Giant electrocaloric effect in ferroelectric nanotubes near room temperature

Abstract

Ferroelectric perovskite oxides possess large electrocaloric effect, but only at high temperature, which limits their potential as next generation solid state cooling devices. Here, we demonstrate from phase field simulations that a giant adiabatic temperature change exhibits near room temperature in the strained ferroelectric PbTiO₃ nanotubes, which is several times in magnitude larger than that of PbTiO₃ thin films. Such giant adiabatic temperature change is attributed to the extrinsic contribution of unusual domain transition, which involves a dedicated interplay among the electric field, strain, temperature and polarization. Careful selection of external strain allows one to harness the extrinsic contribution to obtain large adiabatic temperature change in ferroelectric nanotubes near room temperature. Our finding provides a novel insight into the electrocaloric response of ferroelectric nanostructures and leads to a new strategy to tailor and improve the electrocaloric properties of ferroelectric materials through domain engineering.

Introduction

The electrocaloric effect (ECE) can be described as the temperature change of a material under adiabatic condition in response to an applied electric field which is the converse pyroelectric effect that exists in all ferroelectric materials¹. Due to their significantly temperature-dependent spontaneous polarization, ferroelectric materials based on the perovskite-structured oxides possess large ECE and have been considered as prime candidates for solid state cooling devices^2,3,4. In particular, the recent finding of giant ECE near the ferroelectric transition temperature in the Pb(Zr,Ti)O₃ thin films⁵ makes this field has been drawn considerable attention.

On the other hand, with the miniaturization of modern electronic devices, cooling these devices with high performance becomes a challenge issue due to the small size. One of the possible solutions would be the application of the ECE of ferroelectric nanostructures or low-dimensional ferroelectrics, such as ferroelectric ultrathin films, nanotubes and nanodots. For low-dimensional ferroelectrics, the enhanced depolarization field and strong polarization-strain coupling can alter the polarization distribution, the ferroelectric transition temperature, the dielectric, pyroelectric as well as electrocaloric properties^6,7,8, which makes them completely different from their bulk counterparts^9,10. To understand the ECE of low-dimensional ferroelectrics, there are extensive studies on ferroelectric thin films in which the ECE can be tuned through epitaxial strain, composition, temperature and electric field^11,12,13,14.
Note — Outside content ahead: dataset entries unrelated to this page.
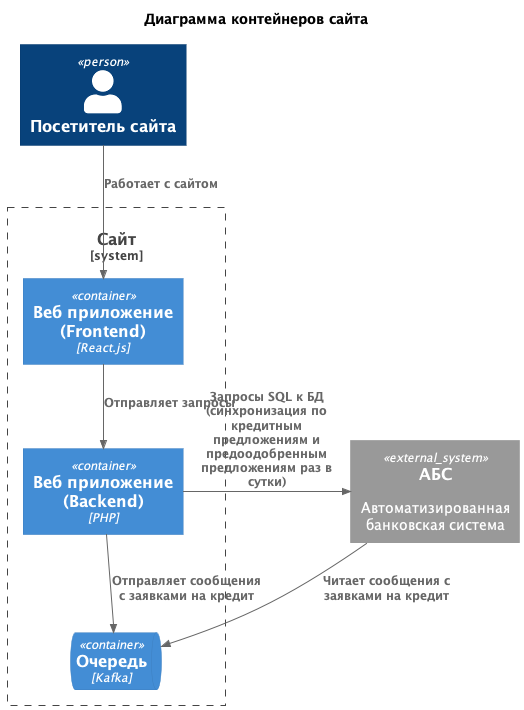

The diagram above was rendered by PlantUML. Its source (embedded in the PNG):
@startuml
title Диаграмма контейнеров сайта

top to bottom direction

!includeurl https://raw.githubusercontent.com/RicardoNiepel/C4-PlantUML/master/C4_Component.puml

Person(user, "Посетитель сайта", "")

System_Ext(abs, "АБС", "Автоматизированная банковская система")

System_Boundary(site, "Сайт") {
  Container(frontend, "Веб приложение (Frontend)", "React.js", "")
  Container(backend, "Веб приложение (Backend)", "PHP", "")
  ContainerQueue(queue, "Очередь", "Kafka", "")  
}

Rel(user, frontend, "Работает с сайтом")
Rel(frontend, backend, "Отправляет запросы")
Rel(backend, abs, "Запросы SQL к БД (синхронизация по кредитным предложениям и предоодобренным предложениям раз в сутки)")
Rel(backend, queue, "Отправляет сообщения с заявками на кредит")
Rel(abs, queue, "Читает сообщения с заявками на кредит")

@enduml

Although the ECE of ferroelectric thin films has been extensively investigated, the ECE for other low dimensional ferroelectrics, such as ferroelectric nanotubes and nanodots, has seldom been investigated in the literature. The cooling devices with low dimensional ferroelectrics and high performance are essential for the development of next generation nano-electronic chips. Furthermore, low dimensional ferroelectrics, such ferroelectric nanotubes, have been successfully fabricated in experiments^15,16,17, which makes it possible to be used in the nano ECE cooling devices. Differing from the planar ferroelectric thin film, the unique geometry of ferroelectric nanotubes provides more dedicated interplay among the depolarization field, strain, temperature and polarization, which may induce novel property and high performance. Therefore, it is of fundamental significance and technologic importance to understand the ECE of ferroelectric nanotubes.

In general, the ECE of ferroelectrics intrinsically comes from the temperature dependence of polarization¹⁸, which becomes significant only near the ferroelectric phase transition where the polarization undergoes a dramatic change with temperature. The ferroelectric phase transition temperature is often much higher than room temperature, which limits the application of ferroelectrics in solid state cooling devices. In addition to the intrinsic contribution, the ECE of ferroelectrics is also dependent on the extrinsic contribution due to the change of domain structures^19,20. Our previous work²¹ shows that the extrinsic contribution from the domain transition driven by temperature can significantly enhance the ECE of bulk PbTiO₃ ferroelectrics subjected to an external strain. Nevertheless, the large ECE induced by domain transition exhibits only in high-temperature range although it is below the Curie temperature of bulk PbTiO₃ ferroelectrics. The domain transition temperature is usually close to the ferroelectric transition temperature. Due to the enhancement of depolarization field, the ferroelectric transition temperature decreases when the size of ferroelectrics decreases²². Correspondingly, the domain transition temperature may also decrease with the decrease of size, implying that large ECE is possible to be induced by domain transition near room temperature. In the present work, the electrocaloric properties of ferroelectric nanotubes are investigated using a phase field model as a function of strain, temperature and electric field. We demonstrate that the large ECE induced by domain transition can be realized near room temperature in the ferroelectric nanotubes epitaxially grown on a substrate as shown in Fig. 1, in which the misfit strain plays a critical role.

Figure 1

Schematic illustration of a PbTiO₃ ferroelectric nanotube with upper and lower electrodes epitaxially grown on a substrate.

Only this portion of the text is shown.